» TASK MATERIAL:

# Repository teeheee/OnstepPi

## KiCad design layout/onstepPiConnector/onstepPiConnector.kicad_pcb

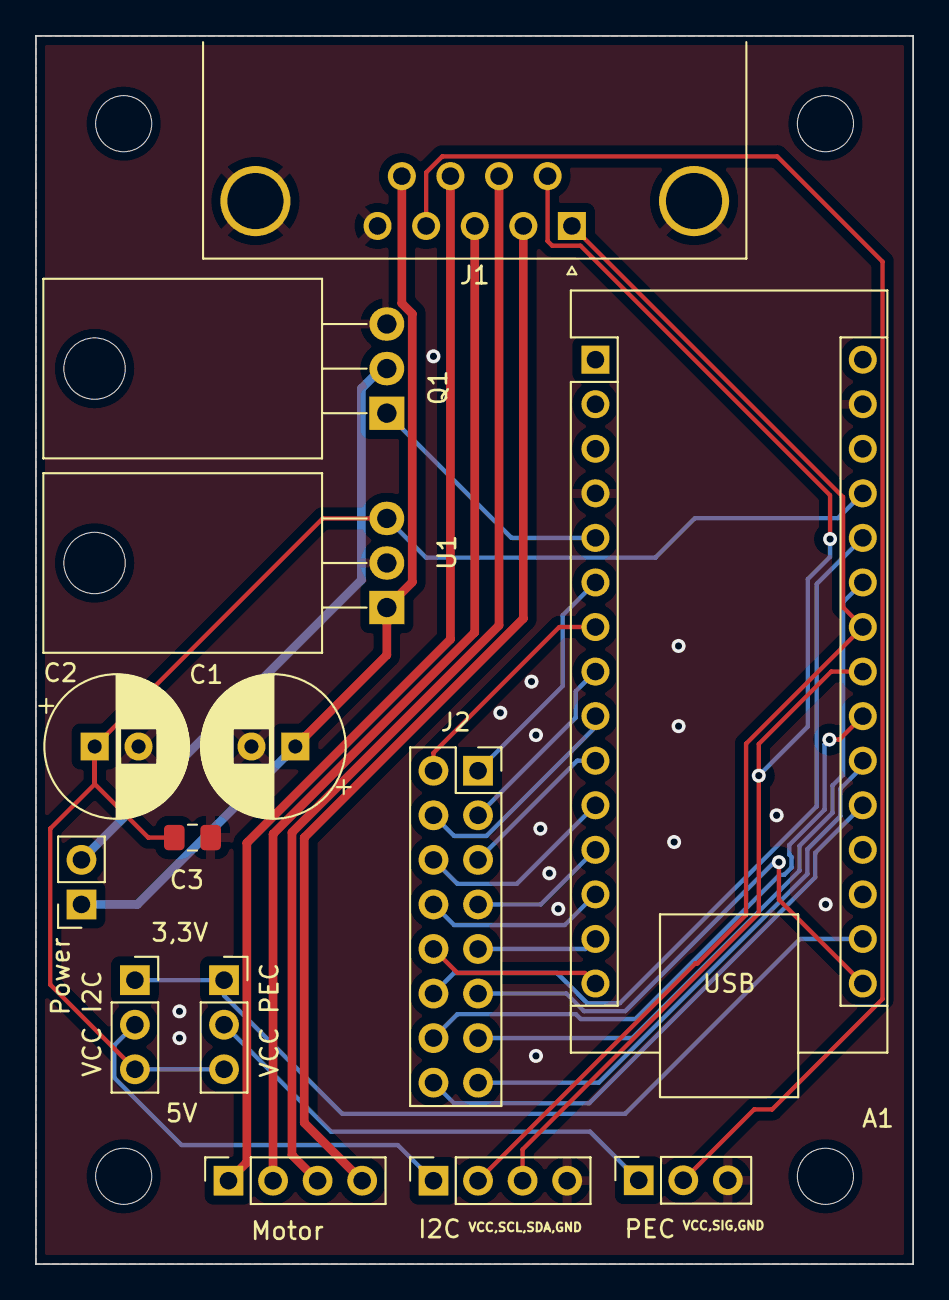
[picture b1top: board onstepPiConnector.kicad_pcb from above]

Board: 2 copper layers, 50.0 x 70.0 mm, 14 parts (0 on the bottom side), 31 nets.

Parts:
A1: Arduino_Nano_v3.x; Arduino_Nano
C1, C2: C_Polarized; CP_Radial_D8.0mm_P2.50mm
C3: C; C_0805_2012Metric_Pad1.18x1.45mm_HandSolder
I2C: Conn_01x04; PinSocket_1x04_P2.54mm_Vertical
J1: DB9_Male_MountingHoles; DSUB-9_Male_Horizontal_P2.77x2.84mm_EdgePinOffset7.70mm_Hou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
J2: Conn_01x16_Male; PinSocket_2x08_P2.54mm_Vertical
Motor: Conn_01x04; PinSocket_1x04_P2.54mm_Vertical
PEC: Conn_01x03; PinSocket_1x03_P2.54mm_Vertical
Power: Conn_01x02; PinSocket_1x02_P2.54mm_Vertical
Q1: IRF540N; TO-220-3_Horizontal_TabDown
U1: L7805; TO-220-3_Horizontal_TabDown
VCC I2C: Jumper_3_Open; PinSocket_1x03_P2.54mm_Vertical
VCC PEC: Jumper_3_Open; PinSocket_1x03_P2.54mm_Vertical

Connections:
+3.3V: A1.17 (3V3), VCC I2C.1 (A), VCC PEC.1 (A)
+5V: A1.27 (+5V), C2.1, C3.1, U1.3 (OUT), VCC I2C.3 (B), VCC PEC.3 (B)
+12V: C1.1, J1.9, Power.1, U1.1 (IN)
GND: A1.4 (GND), A1.29 (GND), C1.2, C2.2, C3.2, I2C.4, J1.0 (PAD), J1.5, PEC.3, Q1.3 (S), U1.2 (GND)
M1A: J1.3, Motor.2
M1B: J1.8, Motor.1
M2A: J1.7, Motor.3
M2B: J1.2, Motor.4
unnamed: A1.5 (D2), Q1.1 (G)
unnamed: A1.6 (D3), J2.1
unnamed: A1.7 (D4), J2.2
unnamed: A1.8 (D5), J2.3
unnamed: A1.9 (D6), J2.4
unnamed: A1.10 (D7), J2.5
unnamed: A1.11 (D8), J2.6
unnamed: A1.12 (D9), J2.7
unnamed: A1.13 (D10), J2.8
unnamed: A1.14 (D11), J2.9
unnamed: A1.15 (D12), J2.10
unnamed: A1.16 (D13), J2.11
unnamed: A1.20 (A1), J2.16
unnamed: A1.21 (A2), J2.15
unnamed: A1.22 (A3), J2.14
unnamed: A1.25 (A6), J2.13
unnamed: A1.26 (A7), J2.12
unnamed: Power.2, Q1.2 (D)
unnamed: I2C.1, VCC I2C.2 (C)
unnamed: PEC.1, VCC PEC.2 (C)
PEC: J1.4, PEC.2
SCL: A1.24 (A5), I2C.2, J1.1
SDA: A1.23 (A4), I2C.3, J1.6

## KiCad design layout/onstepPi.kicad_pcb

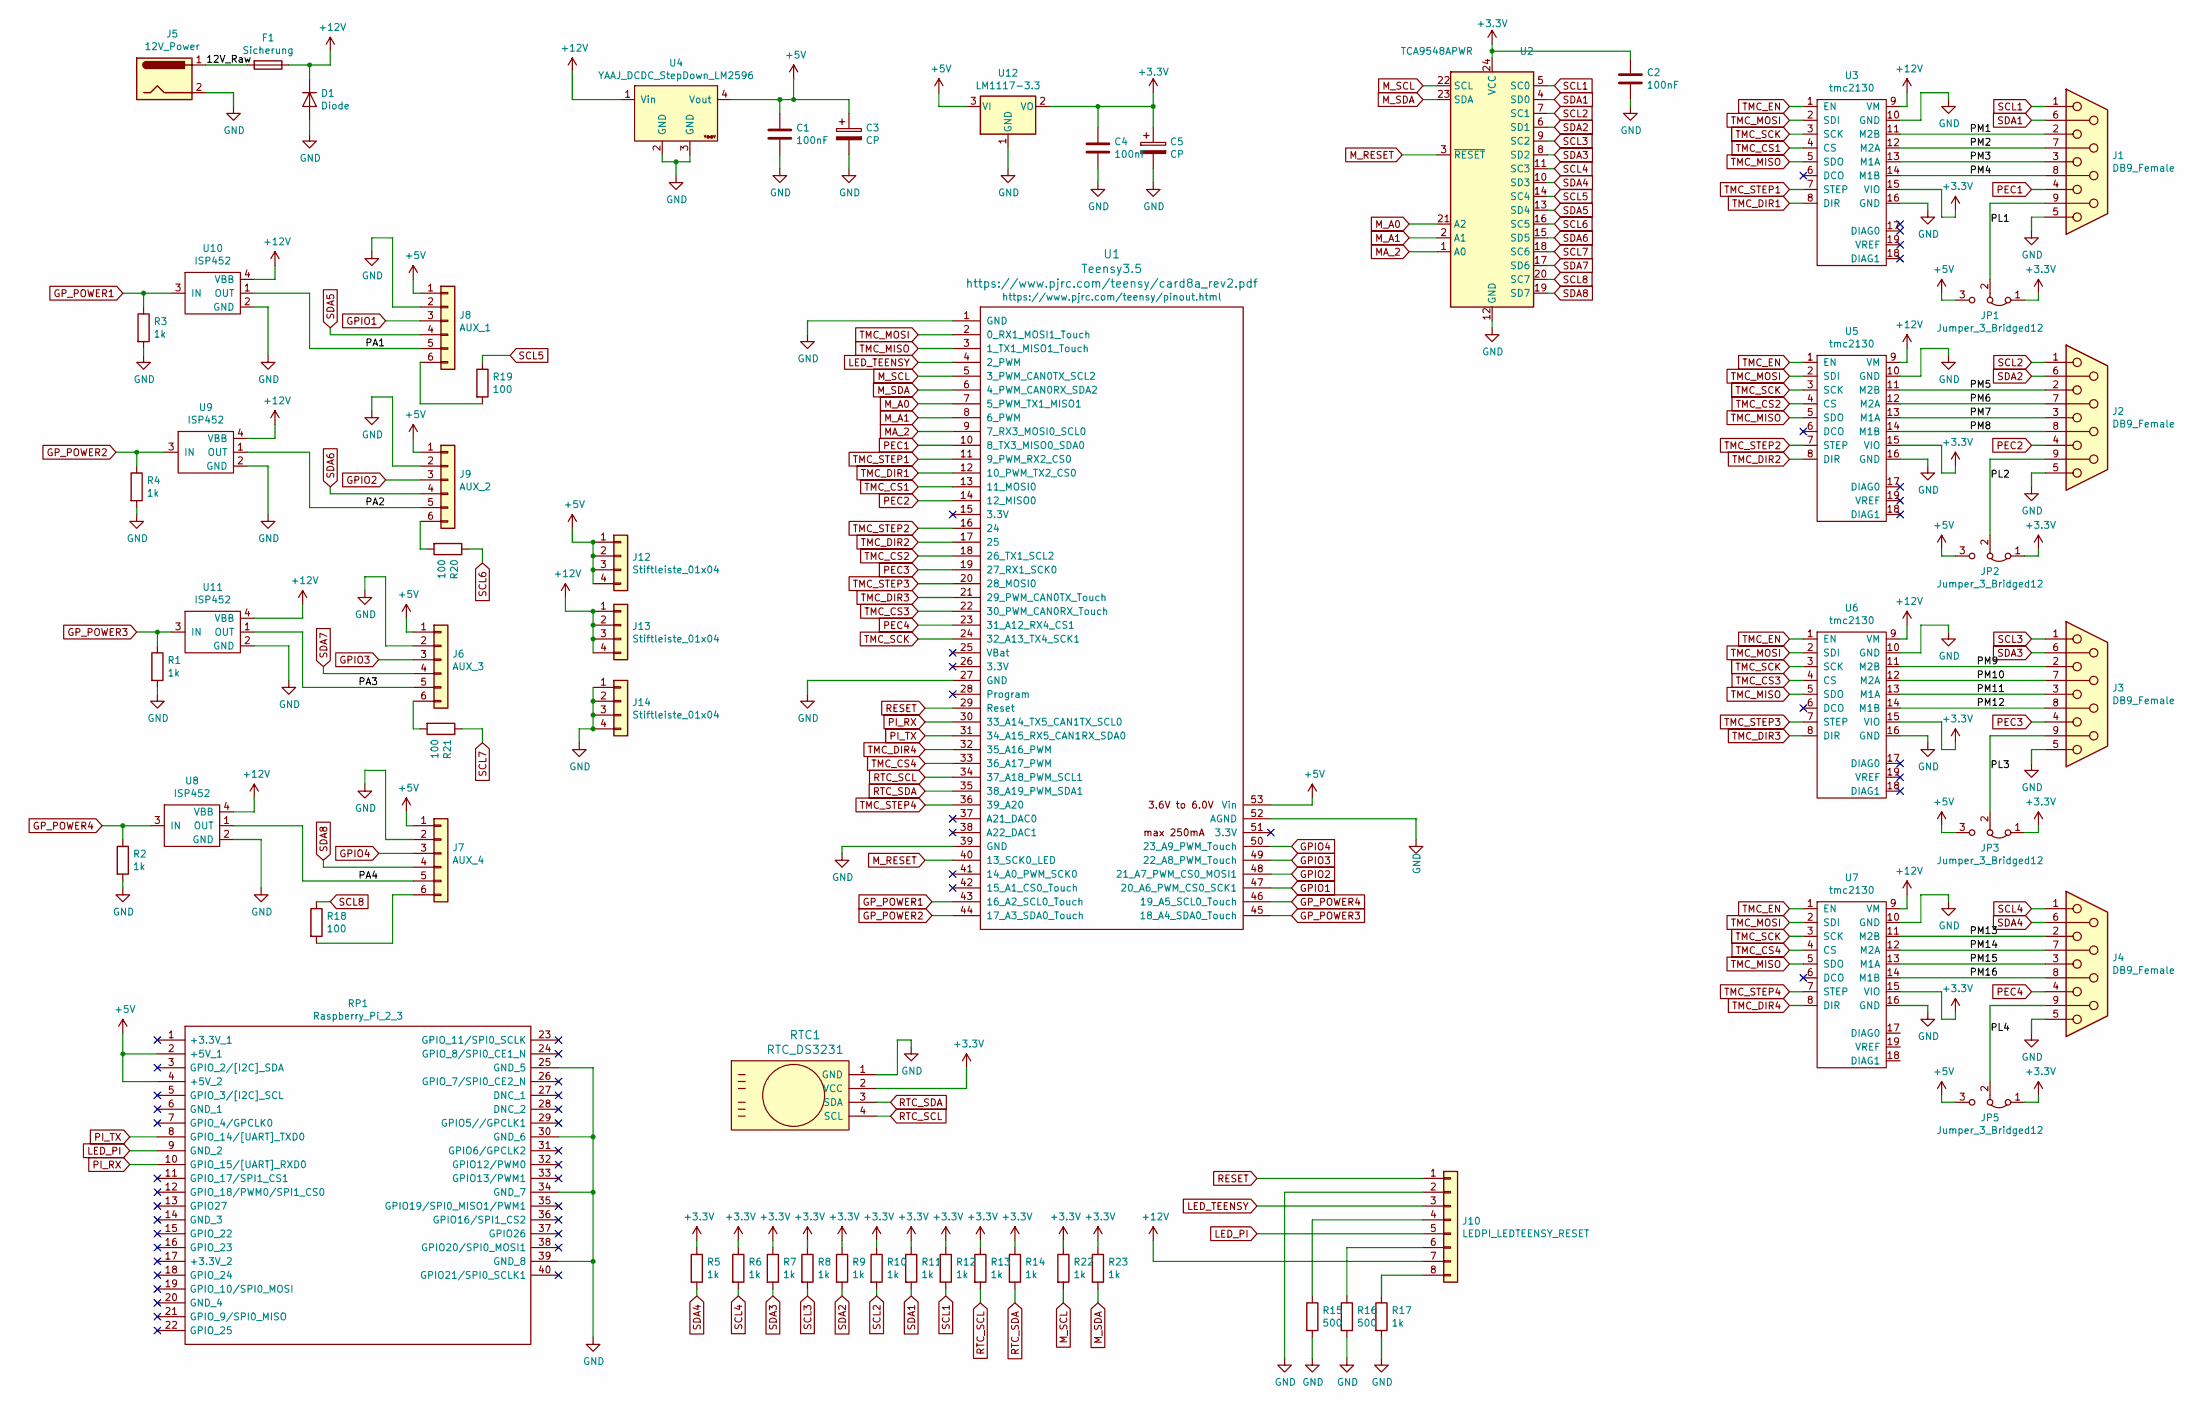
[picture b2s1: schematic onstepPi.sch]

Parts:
C1, C2, C4: 100nF; C_0805_2012Metric_Pad1.18x1.45mm_HandSolder
C3, C5: CP; CP_Radial_D8.0mm_P2.50mm
D1: Diode; D_SMA_Handsoldering
F1: Sicherung; Sicherung_THT
J1, J2, J3, J4: DB9_Female; DSUB-9_Female_Horizontal_P2.77x2.84mm_EdgePinOffset7.70mm_H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
J5: 12V_Power; BarrelJack_Wuerth_6941xx301002
J6: AUX_3; CON_Stiftleiste_6x1
J7: AUX_4; CON_Stiftleiste_6x1
J8: AUX_1; CON_Stiftleiste_6x1
J9: AUX_2; CON_Stiftleiste_6x1
J10: LEDPI_LEDTEENSY_RESET; PinHeader_1x08_P2.54mm_Vertical
J12, J13, J14: Stiftleiste_01x04; CON_Stiftleiste_4x1
JP1, JP2, JP3, JP5: Jumper_3_Bridged12; PinHeader_1x03_P2.54mm_Vertical
R1, R2, R3, R4, R5, R6, R7, R8, R9, R10, R11, R12, R13, R14, R17, R22, R23: 1k; Wiederstand_SMD_0805
R15, R16: 500; Wiederstand_SMD_0805
R18, R19, R20, R21: 100; Wiederstand_SMD_0805
RP1: Raspberry_Pi_2_3; raspberrypi_2_3; Manufacturer_Part_Number Raspberry Pi 2 or 3
RTC1: RTC_DS3231
U1: Teensy3.5; Teensy35_36_All_Pins
U2: TCA9548APWR; TSSOP-24_4.4x7.8mm_P0.65mm
U3, U5, U6, U7: tmc2130
U4: YAAJ_DCDC_StepDown_LM2596
U8, U9, U10, U11: ISP452
U12: LM1117-3.3; TO-263-3_TabPin2

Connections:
+3V3: C2.1, C4.1, C5.1, JP1.1 (A), JP2.1 (A), JP3.1 (A), JP5.1 (A), R5.1, R6.1, R7.1, R8.1, R9.1, R10.1, R11.1, R12.1, R13.1, R14.1, R22.1, R23.1, RTC1.2 (VCC), U2.24 (VCC), U3.15 (VIO), U5.15 (VIO), U6.15 (VIO), U7.15 (VIO), U12.2 (VO)
+5V: C1.1, C3.1, J6.1, J7.1, J8.1, J9.1, J12.1, J12.2, J12.3, J12.4, JP1.3 (B), JP2.3 (B), JP3.3 (B), JP5.3 (B), RP1.2 (+5V_1), RP1.4 (+5V_2), U1.53 (Vin), U4.4 (Vout), U12.3 (VI)
+12V: D1.1 (K), F1.1, J10.7, J13.1, J13.2, J13.3, J13.4, U3.9 (VM), U4.1 (Vin), U5.9 (VM), U6.9 (VM), U7.9 (VM), U8.4 (VBB), U9.4 (VBB), U10.4 (VBB), U11.4 (VBB)
/12V_Raw: F1.2, J5.1
/PA1: J8.5, U10.1 (OUT)
/PA2: J9.5, U9.1 (OUT)
/PA3: J6.5, U11.1 (OUT)
/PA4: J7.5, U8.1 (OUT)
/PL1: J1.9, JP1.2 (C)
/PL2: J2.9, JP2.2 (C)
/PL3: J3.9, JP3.2 (C)
/PL4: J4.9, JP5.2 (C)
/PM1: J1.2, U3.11 (M2B)
/PM2: J1.7, U3.12 (M2A)
/PM3: J1.3, U3.13 (M1A)
/PM4: J1.8, U3.14 (M1B)
/PM5: J2.2, U5.11 (M2B)
/PM6: J2.7, U5.12 (M2A)
/PM7: J2.3, U5.13 (M1A)
/PM8: J2.8, U5.14 (M1B)
/PM9: J3.2, U6.11 (M2B)
/PM10: J3.7, U6.12 (M2A)
/PM11: J3.3, U6.13 (M1A)
/PM12: J3.8, U6.14 (M1B)
/PM13: J4.2, U7.11 (M2B)
/PM14: J4.7, U7.12 (M2A)
/PM15: J4.3, U7.13 (M1A)
/PM16: J4.8, U7.14 (M1B)
GND: C1.2, C2.2, C3.2, C4.2, C5.2, D1.2 (A), J1.5, J2.5, J3.5, J4.5, J5.2, J6.2, J7.2, J8.2, J9.2, J10.2, J14.1, J14.2, J14.3, J14.4, R1.2, R2.2, R3.2, R4.2, R15.2, R16.2, R17.2, RP1.25 (GND_5), RP1.30 (GND_6), RP1.34 (GND_7), RP1.39 (GND_8), RTC1.1 (GND), U1.1 (GND), U1.27 (GND), U1.39 (GND), U1.52 (AGND), U2.12 (GND), U3.10 (GND), U3.16 (GND), U4.2 (GND), U4.3 (GND), U5.10 (GND), U5.16 (GND), U6.10 (GND), U6.16 (GND), U7.10 (GND), U7.16 (GND), U8.2 (GND), U9.2 (GND), U10.2 (GND), U11.2 (GND), U12.1 (GND)
GPIO1: J8.3, U1.47 (20_A6_PWM_CS0_SCK1)
GPIO2: J9.3, U1.48 (21_A7_PWM_CS0_MOSI1)
GPIO3: J6.3, U1.49 (22_A8_PWM_Touch)
GPIO4: J7.3, U1.50 (23_A9_PWM_Touch)
GP_POWER1: R3.1, U1.43 (16_A2_SCL0_Touch), U10.3 (IN)
GP_POWER2: R4.1, U1.44 (17_A3_SDA0_Touch), U9.3 (IN)
GP_POWER3: R1.1, U1.45 (18_A4_SDA0_Touch), U11.3 (IN)
GP_POWER4: R2.1, U1.46 (19_A5_SCL0_Touch), U8.3 (IN)
LED_PI: J10.5, RP1.9 (GND_2)
LED_TEENSY: J10.3, U1.4 (2_PWM)
MA_2: U1.9 (7_RX3_MOSI0_SCL0), U2.1 (A0)
M_A0: U1.7 (5_PWM_TX1_MISO1), U2.21 (A2)
M_A1: U1.8 (6_PWM), U2.2 (A1)
M_RESET: U1.40 (13_SCK0_LED), U2.3 (~RESET)
M_SCL: R22.2, U1.5 (3_PWM_CAN0TX_SCL2), U2.22 (SCL)
M_SDA: R23.2, U1.6 (4_PWM_CAN0RX_SDA2), U2.23 (SDA)
unnamed: J6.6, R21.2
unnamed: J7.6, R18.2
unnamed: J8.6, R19.2
unnamed: J9.6, R20.2
unnamed: J10.4, R15.1
unnamed: J10.6, R16.1
unnamed: J10.8, R17.1
PEC1: J1.4, U1.10 (8_TX3_MISO0_SDA0)
PEC2: J2.4, U1.14 (12_MISO0)
PEC3: J3.4, U1.19 (27_RX1_SCK0)
PEC4: J4.4, U1.23 (31_A12_RX4_CS1)
PI_RX: RP1.10 (GPIO_15/[UART]_RXD0), U1.30 (33_A14_TX5_CAN1TX_SCL0)
PI_TX: RP1.8 (GPIO_14/[UART]_TXD0), U1.31 (34_A15_RX5_CAN1RX_SDA0)
RESET: J10.1, U1.29 (Reset)
RTC_SCL: R13.2, RTC1.4 (SCL), U1.34 (37_A18_PWM_SCL1)
RTC_SDA: R14.2, RTC1.3 (SDA), U1.35 (38_A19_PWM_SDA1)
SCL1: J1.1, R12.2, U2.5 (SC0)
SCL2: J2.1, R10.2, U2.7 (SC1)
SCL3: J3.1, R8.2, U2.9 (SC2)
SCL4: J4.1, R6.2, U2.11 (SC3)
SCL5: R19.1, U2.14 (SC4)
SCL6: R20.1, U2.16 (SC5)
SCL7: R21.1, U2.18 (SC6)
SCL8: R18.1, U2.20 (SC7)
SDA1: J1.6, R11.2, U2.4 (SD0)
SDA2: J2.6, R9.2, U2.6 (SD1)
SDA3: J3.6, R7.2, U2.8 (SD2)
SDA4: J4.6, R5.2, U2.10 (SD3)
SDA5: J8.4, U2.13 (SD4)
SDA6: J9.4, U2.15 (SD5)
SDA7: J6.4, U2.17 (SD6)
SDA8: J7.4, U2.19 (SD7)
TMC_CS1: U1.13 (11_MOSI0), U3.4 (CS)
TMC_CS2: U1.18 (26_TX1_SCL2), U5.4 (CS)
TMC_CS3: U1.22 (30_PWM_CAN0RX_Touch), U6.4 (CS)
TMC_CS4: U1.33 (36_A17_PWM), U7.4 (CS)
TMC_DIR1: U1.12 (10_PWM_TX2_CS0), U3.8 (DIR)
TMC_DIR2: U1.17 (25), U5.8 (DIR)
TMC_DIR3: U1.21 (29_PWM_CAN0TX_Touch), U6.8 (DIR)
TMC_DIR4: U1.32 (35_A16_PWM), U7.8 (DIR)
TMC_EN: U3.1 (EN), U5.1 (EN), U6.1 (EN), U7.1 (EN)
TMC_MISO: U1.3 (1_TX1_MISO1_Touch), U3.5 (SDO), U5.5 (SDO), U6.5 (SDO), U7.5 (SDO)
TMC_MOSI: U1.2 (0_RX1_MOSI1_Touch), U3.2 (SDI), U5.2 (SDI), U6.2 (SDI), U7.2 (SDI)
TMC_SCK: U1.24 (32_A13_TX4_SCK1), U3.3 (SCK), U5.3 (SCK), U6.3 (SCK), U7.3 (SCK)
TMC_STEP1: U1.11 (9_PWM_RX2_CS0), U3.7 (STEP)
TMC_STEP2: U1.16 (24), U5.7 (STEP)
TMC_STEP3: U1.20 (28_MOSI0), U6.7 (STEP)
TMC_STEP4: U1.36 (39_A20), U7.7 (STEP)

» EXERCISE DIRECTIONS: Tell me how many lines of the data hold the word "UART", giving only the number.

» PROBLEM SOLUTION: 2